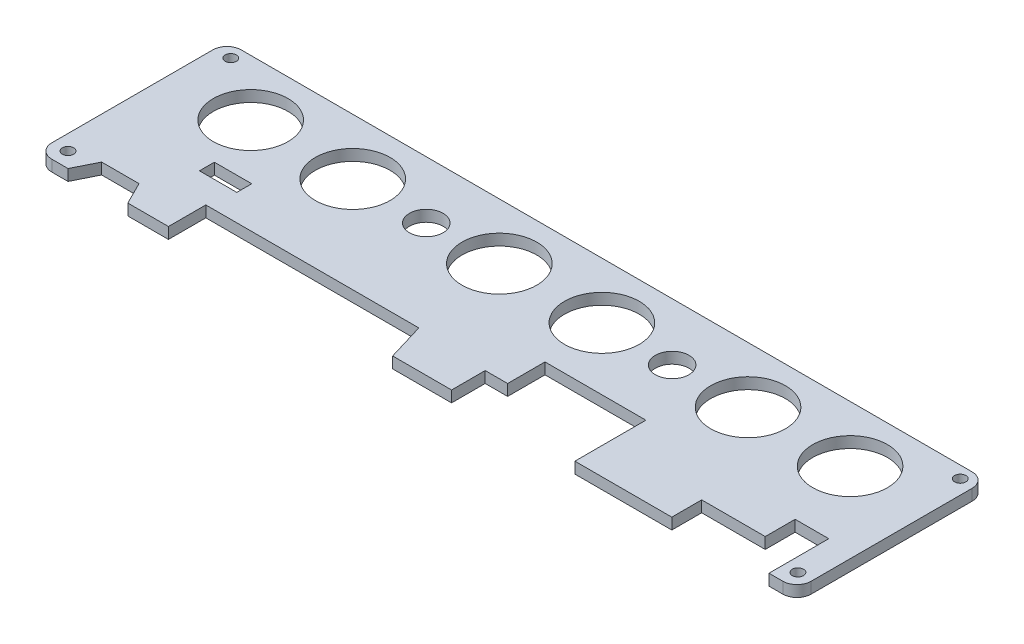
SolidWorks part; units mm, degrees
ref_plane "前视基准面" through (0, 0, 0) normal (0, 0, 1) x (1, 0, 0)
ref_plane "上视基准面" through (0, 0, 0) normal (0, 1, 0) x (1, 0, 0)
ref_plane "右视基准面" through (0, 0, 0) normal (1, 0, 0) x (0, 0, -1)
sketch "草图1" plane through (0, 0, 0) normal (0, 1, 0) x (1, 0, 0)
  line L0 (195.7, 0) -> (195.7, 16)
  line L1 (0, 0) -> (203.2, 0)
  line L2 (0, 0) -> (0, 50.673)
  line L3 (0, 50.673) -> (203.2, 50.673)
  line L4 (203.2, 0) -> (203.2, 50.673)
  line L5 (186.7, 16) -> (195.7, 16)
  line L6 (186.7, 16) -> (186.7, 0)
  line L7 (169.7, 0) -> (169.7, 8)
  line L8 (169.7, 8) -> (186.7, 8)
  line L9 (143.764, 0) -> (143.764, 19)
  line L10 (143.764, 19) -> (116.764, 19)
  line L11 (116.764, 19) -> (116.764, 9)
  line L12 (116.764, 9) -> (110.764, 9)
  line L13 (110.764, 9) -> (110.764, 0)
  line L14 (35, 0) -> (35, 10)
  line L15 (26.242, 21.05) -> (36.242, 21.05)
  line L16 (26.242, 21.05) -> (26.242, 17.05)
  line L17 (26.242, 17.05) -> (36.242, 17.05)
  line L18 (36.242, 21.05) -> (36.242, 17.05)
  line L19 (26.242, 21.05) -> (36.242, 17.05) construction
  line L20 (26.242, 17.05) -> (36.242, 21.05) construction
  line L21 (11.129, 6) -> (21.129, 6)
  line L22 (11.129, 6) -> (11.129, 2.9901)
  line L23 (11.129, 6) -> (8.129, 0)
  line L24 (21.129, 6) -> (21.129, 2.9901)
  line L25 (21.129, 6) -> (24.129, 0)
  line L26 (81, 10) -> (92, 10)
  line L27 (11.129, 6) -> (21.129, 6)
  line L28 (11.129, 6) -> (11.129, 0)
  line L29 (11.129, 0) -> (21.129, 0)
  line L30 (21.129, 6) -> (21.129, 0)
  line L31 (35, 10) -> (61.6204, 10)
  line L32 (92, 10) -> (92, 0)
  line L33 (61.6204, 10) -> (79.6204, 10)
  line L34 (92, 10) -> (95, 0)
  line L35 (79.6204, 10) -> (81, 10)
  line L36 (81, 10) -> (81, 0)
  circle A0 centre (4.064, 4.064) radius 1.5
  circle A1 centre (4.318, 47.371) radius 1.5
  circle A2 centre (199.39, 47.498) radius 1.5
  circle A3 centre (199.39, 4.064) radius 1.5
  circle A4 centre (21.336, 35.673) radius 10
  circle A5 centre (48.641, 35.673) radius 10
  circle A6 centre (87.884, 35.673) radius 10
  circle A7 centre (115.316, 35.673) radius 10
  circle A8 centre (154.432, 35.673) radius 10
  circle A9 centre (181.737, 35.673) radius 10
  circle A10 centre (68.691, 35.306) radius 4.5
  circle A11 centre (134.493, 35.306) radius 4.5
  point P42 (31.242, 19.05)
  point P47 (16.129, 3.683)
  point P62 (92, 0)
  dimension "D5" = 3
  dimension "D8" = 3
  dimension "D11" = 3
  dimension "D14" = 3
  dimension "D17" = 20
  dimension "D25" = 9
  dimension "D26" = 9
  dimension "D1" = 203.2
  dimension "D2" = 50.673
  dimension "D3" = 4.064
  dimension "D4" = 4.064
  dimension "D6" = 4.318
  dimension "D7" = 3.302
  dimension "D9" = 3.81
  dimension "D10" = 3.175
  dimension "D12" = 3.81
  dimension "D13" = 4.064
  dimension "D15" = 15
  dimension "D16" = 21.336
  dimension "D18" = 27.305
  dimension "D19" = 39.243
  dimension "D20" = 27.432
  dimension "D21" = 21.463
  dimension "D22" = 27.305
  dimension "D23" = 15.367
  dimension "D24" = 68.691
  dimension "D27" = 68.707
  dimension "D28" = 7.5
  dimension "D29" = 9
  dimension "D30" = 16
  dimension "D31" = 26
  dimension "D32" = 8
  dimension "D33" = 33
  dimension "D34" = 27
  dimension "D35" = 19
  dimension "D36" = 9
  dimension "D37" = 59.436
  dimension "D38" = 31.242
  dimension "D39" = 19.05
  dimension "D40" = 4
  dimension "D41" = 10
  dimension "D42" = 3.683
  dimension "D43" = 16.129
  dimension "D44" = 10
  dimension "D45" = 10
  dimension "D46" = 10
  dimension "D47" = 46
  dimension "D48" = 35
  dimension "D49" = 10
  dimension "D50" = 3
  dimension "D51" = 3
  dimension "D52" = 6
  dimension "D53" = 92
  dimension "D54" = 3
extrude "凸台-拉伸1" add sketch "草图1" along normal blind 3
fillet "圆角1" radius 3.8 4 edges at (203.2, 1.5, -50.673) (203.2, 1.5, 0) (0, 1.5, 0) (0, 1.5, -50.673)
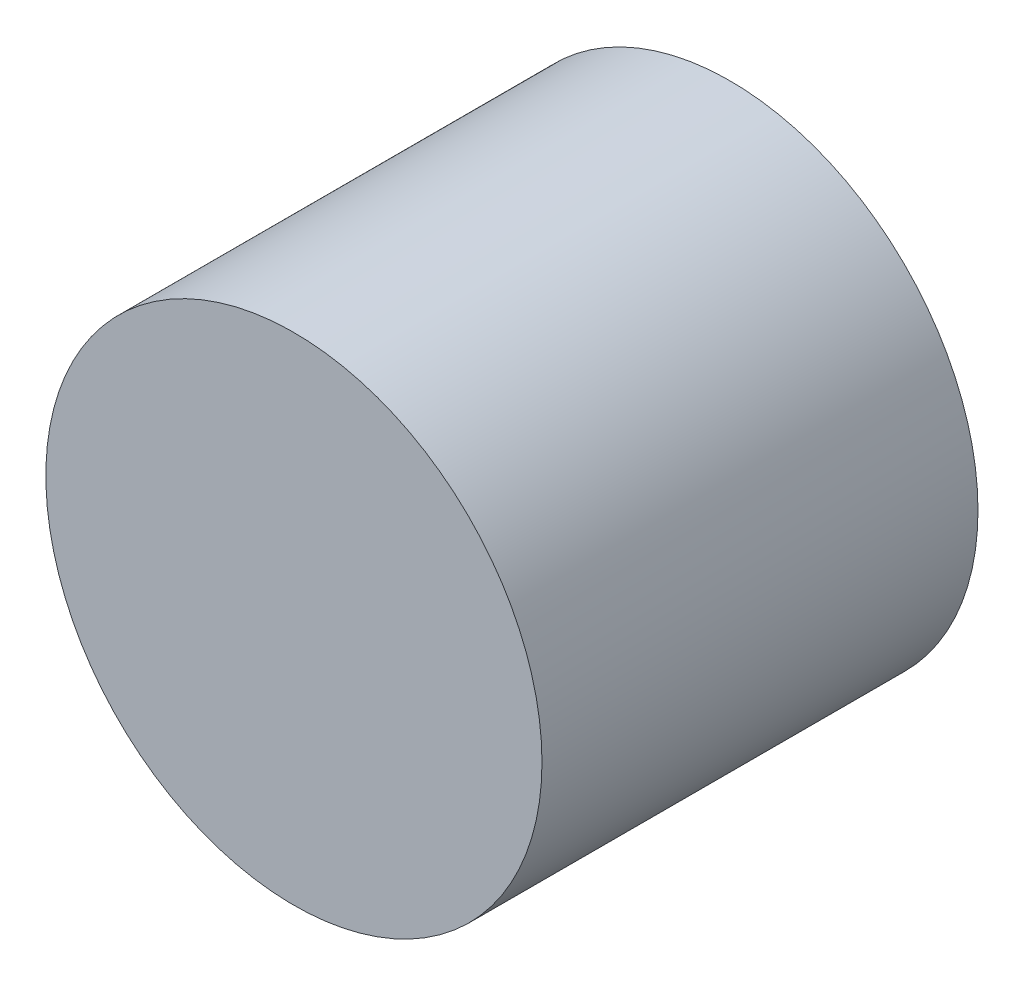
SolidWorks part; units mm, degrees
material "Plain Carbon Steel"
ref_plane "Front Plane" through (0, 0, 0) normal (0, 0, 1) x (1, 0, 0)
ref_plane "Top Plane" through (0, 0, 0) normal (0, 1, 0) x (1, 0, 0)
ref_plane "Right Plane" through (0, 0, 0) normal (1, 0, 0) x (0, 0, -1)
sketch "Sketch1" plane through (0, 0, 0) normal (0, 0, 1) x (1, 0, 0)
  circle A0 centre (0, 0) radius 16.5
  dimension "D1" = 33
extrude "Boss-Extrude2" add sketch "Sketch1" along normal mid plane 29 contours A0
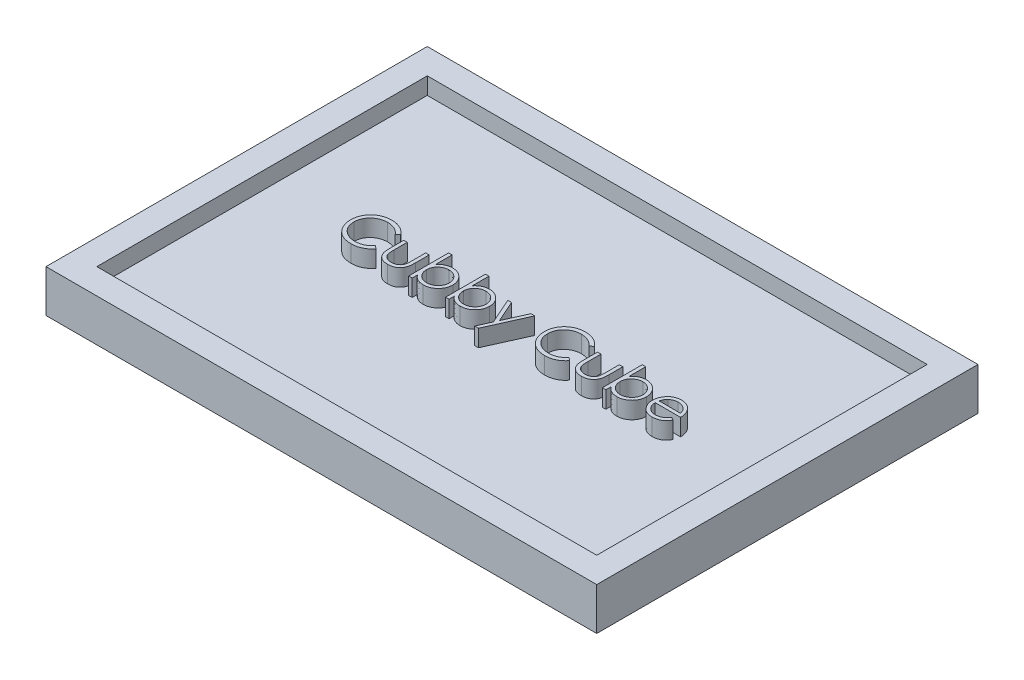
SolidWorks part; units mm, degrees
ref_plane "Front Plane" through (0, 0, 0) normal (0, 0, 1) x (1, 0, 0)
ref_plane "Top Plane" through (0, 0, 0) normal (0, 1, 0) x (1, 0, 0)
ref_plane "Right Plane" through (0, 0, 0) normal (1, 0, 0) x (0, 0, -1)
sketch "Sketch1" plane through (0, 0, 0) normal (0, 1, 0) x (1, 0, 0)
  line L1 (0, 0) -> (82.55, 0)
  line L2 (0, 0) -> (0, 57.15)
  line L3 (0, 57.15) -> (82.55, 57.15)
  line L4 (82.55, 0) -> (82.55, 57.15)
  dimension "D1" = 82.55
  dimension "D2" = 57.15
extrude "Boss-Extrude1" add sketch "Sketch1" along normal blind 6.35
shell "Shell1" thickness 3.81
sketch "Sketch2" plane through (0, 3.81, 0) normal (0, 1, 0) x (1, 0, 0)
  text T0 "Cubby Cube" font "Century Gothic" height in points 22
extrude "Boss-Extrude2" add sketch "Sketch2" along normal blind 2.54

+++++

Task requirements: Set down all the data again exactly as above, pictures excluded.

Response to this exercise:
SolidWorks part; units mm, degrees
ref_plane "前视基准面" through (0, 0, 0) normal (0, 0, 1) x (1, 0, 0)
ref_plane "上视基准面" through (0, 0, 0) normal (0, 1, 0) x (1, 0, 0)
ref_plane "右视基准面" through (0, 0, 0) normal (1, 0, 0) x (0, 0, -1)
sketch "草图1" plane through (0, 0, 0) normal (0, 1, 0) x (1, 0, 0)
  line L0 (195.7, 0) -> (195.7, 16)
  line L1 (0, 0) -> (203.2, 0)
  line L2 (0, 0) -> (0, 50.673)
  line L3 (0, 50.673) -> (203.2, 50.673)
  line L4 (203.2, 0) -> (203.2, 50.673)
  line L5 (186.7, 16) -> (195.7, 16)
  line L6 (186.7, 16) -> (186.7, 0)
  line L7 (169.7, 0) -> (169.7, 8)
  line L8 (169.7, 8) -> (186.7, 8)
  line L9 (143.764, 0) -> (143.764, 19)
  line L10 (143.764, 19) -> (116.764, 19)
  line L11 (116.764, 19) -> (116.764, 9)
  line L12 (116.764, 9) -> (110.764, 9)
  line L13 (110.764, 9) -> (110.764, 0)
  line L14 (35, 0) -> (35, 10)
  line L15 (26.242, 21.05) -> (36.242, 21.05)
  line L16 (26.242, 21.05) -> (26.242, 17.05)
  line L17 (26.242, 17.05) -> (36.242, 17.05)
  line L18 (36.242, 21.05) -> (36.242, 17.05)
  line L19 (26.242, 21.05) -> (36.242, 17.05) construction
  line L20 (26.242, 17.05) -> (36.242, 21.05) construction
  line L21 (11.129, 6) -> (21.129, 6)
  line L22 (11.129, 6) -> (11.129, 2.9901)
  line L23 (11.129, 6) -> (8.129, 0)
  line L24 (21.129, 6) -> (21.129, 2.9901)
  line L25 (21.129, 6) -> (24.129, 0)
  line L26 (81, 10) -> (92, 10)
  line L27 (11.129, 6) -> (21.129, 6)
  line L28 (11.129, 6) -> (11.129, 0)
  line L29 (11.129, 0) -> (21.129, 0)
  line L30 (21.129, 6) -> (21.129, 0)
  line L31 (35, 10) -> (61.6204, 10)
  line L32 (92, 10) -> (92, 0)
  line L33 (61.6204, 10) -> (79.6204, 10)
  line L34 (92, 10) -> (95, 0)
  line L35 (79.6204, 10) -> (81, 10)
  line L36 (81, 10) -> (81, 0)
  circle A0 centre (4.064, 4.064) radius 1.5
  circle A1 centre (4.318, 47.371) radius 1.5
  circle A2 centre (199.39, 47.498) radius 1.5
  circle A3 centre (199.39, 4.064) radius 1.5
  circle A4 centre (21.336, 35.673) radius 10
  circle A5 centre (48.641, 35.673) radius 10
  circle A6 centre (87.884, 35.673) radius 10
  circle A7 centre (115.316, 35.673) radius 10
  circle A8 centre (154.432, 35.673) radius 10
  circle A9 centre (181.737, 35.673) radius 10
  circle A10 centre (68.691, 35.306) radius 4.5
  circle A11 centre (134.493, 35.306) radius 4.5
  point P42 (31.242, 19.05)
  point P47 (16.129, 3.683)
  point P62 (92, 0)
  dimension "D5" = 3
  dimension "D8" = 3
  dimension "D11" = 3
  dimension "D14" = 3
  dimension "D17" = 20
  dimension "D25" = 9
  dimension "D26" = 9
  dimension "D1" = 203.2
  dimension "D2" = 50.673
  dimension "D3" = 4.064
  dimension "D4" = 4.064
  dimension "D6" = 4.318
  dimension "D7" = 3.302
  dimension "D9" = 3.81
  dimension "D10" = 3.175
  dimension "D12" = 3.81
  dimension "D13" = 4.064
  dimension "D15" = 15
  dimension "D16" = 21.336
  dimension "D18" = 27.305
  dimension "D19" = 39.243
  dimension "D20" = 27.432
  dimension "D21" = 21.463
  dimension "D22" = 27.305
  dimension "D23" = 15.367
  dimension "D24" = 68.691
  dimension "D27" = 68.707
  dimension "D28" = 7.5
  dimension "D29" = 9
  dimension "D30" = 16
  dimension "D31" = 26
  dimension "D32" = 8
  dimension "D33" = 33
  dimension "D34" = 27
  dimension "D35" = 19
  dimension "D36" = 9
  dimension "D37" = 59.436
  dimension "D38" = 31.242
  dimension "D39" = 19.05
  dimension "D40" = 4
  dimension "D41" = 10
  dimension "D42" = 3.683
  dimension "D43" = 16.129
  dimension "D44" = 10
  dimension "D45" = 10
  dimension "D46" = 10
  dimension "D47" = 46
  dimension "D48" = 35
  dimension "D49" = 10
  dimension "D50" = 3
  dimension "D51" = 3
  dimension "D52" = 6
  dimension "D53" = 92
  dimension "D54" = 3
extrude "凸台-拉伸1" add sketch "草图1" along normal blind 3
fillet "圆角1" radius 3.8 4 edges at (203.2, 1.5, -50.673) (203.2, 1.5, 0) (0, 1.5, 0) (0, 1.5, -50.673)
SolidWorks part; units mm, degrees
material "Plain Carbon Steel"
ref_plane "Front Plane" through (0, 0, 0) normal (0, 0, 1) x (1, 0, 0)
ref_plane "Top Plane" through (0, 0, 0) normal (0, 1, 0) x (1, 0, 0)
ref_plane "Right Plane" through (0, 0, 0) normal (1, 0, 0) x (0, 0, -1)
sketch "Sketch1" plane through (0, 0, 0) normal (0, 0, 1) x (1, 0, 0)
  circle A0 centre (0, 0) radius 16.5
  dimension "D1" = 33
extrude "Boss-Extrude2" add sketch "Sketch1" along normal mid plane 29 contours A0
SolidWorks part; units mm, degrees
ref_plane "Front Plane" through (0, 0, 0) normal (0, 0, 1) x (1, 0, 0)
ref_plane "Top Plane" through (0, 0, 0) normal (0, 1, 0) x (1, 0, 0)
ref_plane "Right Plane" through (0, 0, 0) normal (1, 0, 0) x (0, 0, -1)
sketch "Sketch1" plane through (0, 0, 0) normal (0, 1, 0) x (1, 0, 0)
  line L1 (0, 0) -> (82.55, 0)
  line L2 (0, 0) -> (0, 57.15)
  line L3 (0, 57.15) -> (82.55, 57.15)
  line L4 (82.55, 0) -> (82.55, 57.15)
  dimension "D1" = 82.55
  dimension "D2" = 57.15
extrude "Boss-Extrude1" add sketch "Sketch1" along normal blind 6.35
shell "Shell1" thickness 3.81
sketch "Sketch2" plane through (0, 3.81, 0) normal (0, 1, 0) x (1, 0, 0)
  text T0 "Cubby Cube" font "Century Gothic" height in points 22
extrude "Boss-Extrude2" add sketch "Sketch2" along normal blind 2.54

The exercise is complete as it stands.